Background information
- Born: Alfred Benjamin McKibbon January 1, 1919
- Died: July 29, 2005 (aged 86)
- Genres: Jazz; bebop; hardbop; Latin jazz;
- Occupation: Musician
- Instrument: Double bass
- Years active: mid-1940s–2004
- Labels: Blue Lady; Departure;

= Al McKibbon =

American jazz double bassist (1919–2005)

Alfred Benjamin McKibbon (January 1, 1919 - July 29, 2005) was an American jazz double bassist, known for his work in bebop, hard bop, and Latin jazz.

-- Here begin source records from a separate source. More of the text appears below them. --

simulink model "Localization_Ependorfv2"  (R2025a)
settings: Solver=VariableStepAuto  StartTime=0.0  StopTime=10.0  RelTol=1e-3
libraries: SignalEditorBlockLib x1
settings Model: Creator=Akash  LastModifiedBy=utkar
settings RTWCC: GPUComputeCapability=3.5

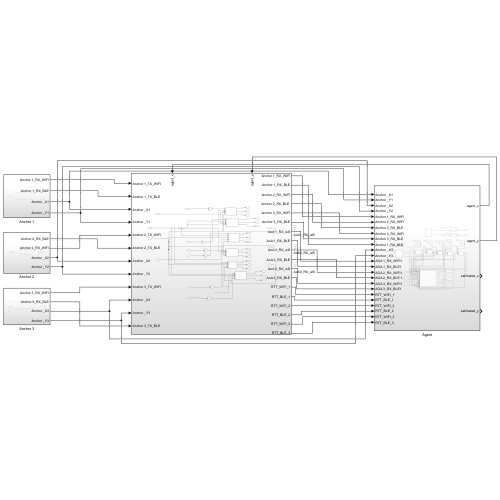
[thumbnail: Simulink's stored preview of the top-level diagram]
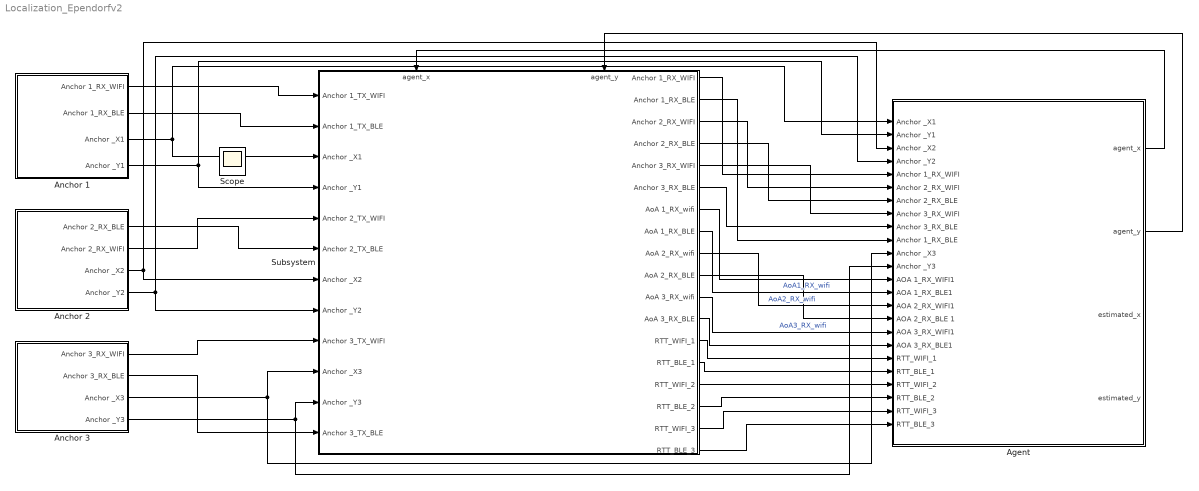
== system Localization_Ependorfv2 ==
  Agent : Subsystem
  Anchor 1 : Subsystem
  Anchor 2 : Subsystem
  Anchor 3 : Subsystem
  Subsystem : Subsystem
      settings: PortSchema="{\"entries\":[{\"content\":{\"sides\":[{\"content\":{\"connectorIds\":[\"In1\",\"In2\",\"In3\",\"In4\",\"In5\",\"In6\",\"In7\",\"In8\",\"In9\",\"In10\",\"In11\",\"In12\"]},\"type\":\"ConnectorPlacement.EquallySpacedRectSide\",\"uuid\":\"0405234f-5b8f-45a1-917e-93d58a1311a8\"},{\"content\":{\"connectorIds\":[\"Out1\",\"Out2\",\"Out3\",\"Out4\",\"Out5\",\"Out6\",\"Out7\",\"Out8\",\"Out9\",\"Out10\",\"Out11\",\"Out12\",\"Out13\",\"Out14\",\"Out15\",\"Out16\",\"Out17\",\"Out18\"],\"side\":\"RIGHT\"},\"type\":\"ConnectorPlacement.EquallySpacedRectSide\",\"uuid\":\"39d2f27a-3797-45c8-9e26-1762cabd752a\"},{\"content\":{\"connectorIds\":[\"In13\",\"In14\"],\"side\":\"TOP\"},\"type\":\"ConnectorPlacement.EquallySpacedRectSide\",\"uuid\":\"f6177108-a7d2-4d89-9cd9-46479219c011\"}]},\"type\":\"ConnectorPlacement.EquallySpacedConnector\",\"uuid\":\"e67eb188-6063-4e30-a59d-3af2b75346f2\"}],\"packageUris\":[\"http://schema.mathworks.com/mf0/Connector/R2020b\"],\"version\":\"1.0\"}"
  Scope : Scope
      settings: ActiveDisplayYMinimum=-0.44035255255063926  ActiveDisplayYMaximum=0.45352039029310781
  wires:
  Anchor 3/1(Anchor 3_RX_WIFI) -> Subsystem/9(Anchor 3_TX_WIFI)
  Anchor 3/2(Anchor 3_RX_BLE) -> Subsystem/12(Anchor 3_TX_BLE)
  Anchor 1/1(Anchor 1_RX_WIFI) -> Subsystem/1(Anchor 1_TX_WIFI)
  Anchor 1/2(Anchor 1_RX_BLE) -> Subsystem/2(Anchor 1_TX_BLE)
  Subsystem/1(Anchor 1_RX_WIFI) -> Agent/5(Anchor 1_RX_WIFI)
  Subsystem/2(Anchor 1_RX_BLE) -> Agent/10(Anchor 1_RX_BLE)
  Subsystem/3(Anchor 2_RX_WIFI) -> Agent/6(Anchor 2_RX_WIFI)
  Subsystem/4("Anchor 2_RX_BLE ") -> Agent/7("Anchor 2_RX_BLE ")
  Subsystem/5(Anchor 3_RX_WIFI) -> Agent/8(Anchor 3_RX_WIFI)
  Subsystem/6(Anchor 3_RX_BLE) -> Agent/9(Anchor 3_RX_BLE)
  Anchor 1/4(Anchor _Y1) -> Subsystem/4(Anchor _Y1), Agent/2(Anchor _Y1)
  Anchor 2/3(Anchor _X2) -> Agent/3(Anchor _X2), Subsystem/7(Anchor _X2)
  Anchor 2/4(Anchor _Y2) -> Agent/4(Anchor _Y2), Subsystem/8(Anchor _Y2)
  Anchor 3/3(Anchor _X3) -> Agent/11(Anchor _X3), Subsystem/10(Anchor _X3)
  Anchor 3/4(Anchor _Y3) -> Agent/12(Anchor _Y3), Subsystem/11(Anchor _Y3)
  Anchor 1/3(Anchor _X1) -> Subsystem/3(Anchor _X1), Agent/1(Anchor _X1)
  Agent/2(agent_y) -> Subsystem/14(agent_y)
  Agent/1(agent_x) -> Subsystem/13(agent_x)
  Subsystem/7(AoA 1_RX_wifi) -> Agent/13(AOA 1_RX_WIFI1)  "AoA1_RX_wifi"
  Subsystem/9(AoA 2_RX_wifi) -> Agent/15(AOA 2_RX_WIFI1)  "AoA2_RX_wifi"
  Subsystem/8(AoA 1_RX_BLE) -> Agent/14(AOA 1_RX_BLE1)
  Subsystem/10(AoA 2_RX_BLE) -> Agent/16(AOA 2_RX_BLE 1)
  Subsystem/11(AoA 3_RX_wifi) -> Agent/17(AOA 3_RX_WIFI1)  "AoA3_RX_wifi"
  Subsystem/12(AoA 3_RX_BLE) -> Agent/18(AOA 3_RX_BLE1)
  Subsystem/13(RTT_WIFI_1) -> Agent/19(RTT_WIFI_1)
  Subsystem/14(RTT_BLE_1) -> Agent/20(RTT_BLE_1)
  Subsystem/15(RTT_WIFI_2) -> Agent/21(RTT_WIFI_2)
  Subsystem/16(RTT_BLE_2) -> Agent/22(RTT_BLE_2)
  Subsystem/17(RTT_WIFI_3) -> Agent/23(RTT_WIFI_3)
  Subsystem/18(RTT_BLE_3) -> Agent/24(RTT_BLE_3)
  Anchor 2/1(Anchor 2_RX_BLE) -> Subsystem/6(Anchor 2_TX_BLE)
  Anchor 2/2(Anchor 2_RX_WIFI) -> Subsystem/5(Anchor 2_TX_WIFI)

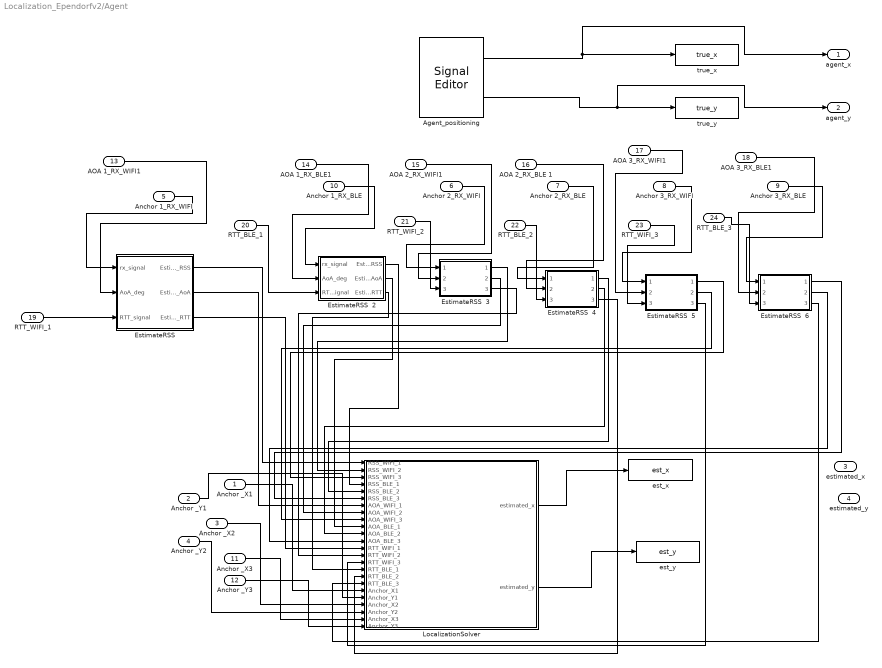
== system Localization_Ependorfv2/Agent ==
  Anchor _X1 : Inport
  Anchor _Y1 : Inport  Port=2
  Anchor _X2 : Inport  Port=3
  Anchor _Y2 : Inport  Port=4
  Anchor 1_RX_WIFI : Inport  Port=5
  Anchor 2_RX_WIFI : Inport  Port=6
  "Anchor 2_RX_BLE " : Inport  Port=7
  Anchor 3_RX_WIFI : Inport  Port=8
  Anchor 3_RX_BLE : Inport  Port=9
  Anchor 1_RX_BLE : Inport  Port=10
  Anchor _X3 : Inport  Port=11
  Anchor _Y3 : Inport  Port=12
  AOA 1_RX_WIFI1 : Inport  Port=13
  AOA 1_RX_BLE1 : Inport  Port=14
  AOA 2_RX_WIFI1 : Inport  Port=15
  AOA 2_RX_BLE 1 : Inport  Port=16
  AOA 3_RX_WIFI1 : Inport  Port=17
  AOA 3_RX_BLE1 : Inport  Port=18
  RTT_WIFI_1 : Inport  Port=19
  RTT_BLE_1 : Inport  Port=20
  RTT_WIFI_2 : Inport  Port=21
  RTT_BLE_2 : Inport  Port=22
  RTT_WIFI_3 : Inport  Port=23
  RTT_BLE_3 : Inport  Port=24
  Agent_positioning : SignalEditorBlockLib/Signal Editor  FileName=agent_path.mat  ActiveScenario=Scenario  ActiveSignal=Agent_x  IsBus=off  OutputBusObjectStr=Bus: BusObject  SampleTime=0  Interpolate=off  ZeroCross=off  OutputAfterFinalValue=Setting to zero  Unit=inherit  PreserveSignalName=on  ApplySigPropsToAllScenarios=on  ApplySigPropsToAllSignals=off  SignalPropertySource=Dialog parameters
  "EstimateRSS " : MATLAB Function  TreatAsAtomicUnit=on
  EstimateRSS  2 : MATLAB Function  TreatAsAtomicUnit=on
  EstimateRSS  3 : MATLAB Function  TreatAsAtomicUnit=on
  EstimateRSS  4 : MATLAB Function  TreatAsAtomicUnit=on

In 1947, after working with Lucky Millinder, Tab Smith, J. C. Heard, and Coleman Hawkins, he replaced Ray Brown in Dizzy Gillespie's band, in which he played until 1950. In the 1950s, he recorded with the Miles Davis nonet, Earl Hines, Count Basie, Johnny Hodges, Thelonious Monk, Mongo Santamaría, George Shearing, Cal Tjader, Herbie Nichols, and Hawkins. McKibbon was credited with interesting Tjader in Latin music while he played in Shearing's group.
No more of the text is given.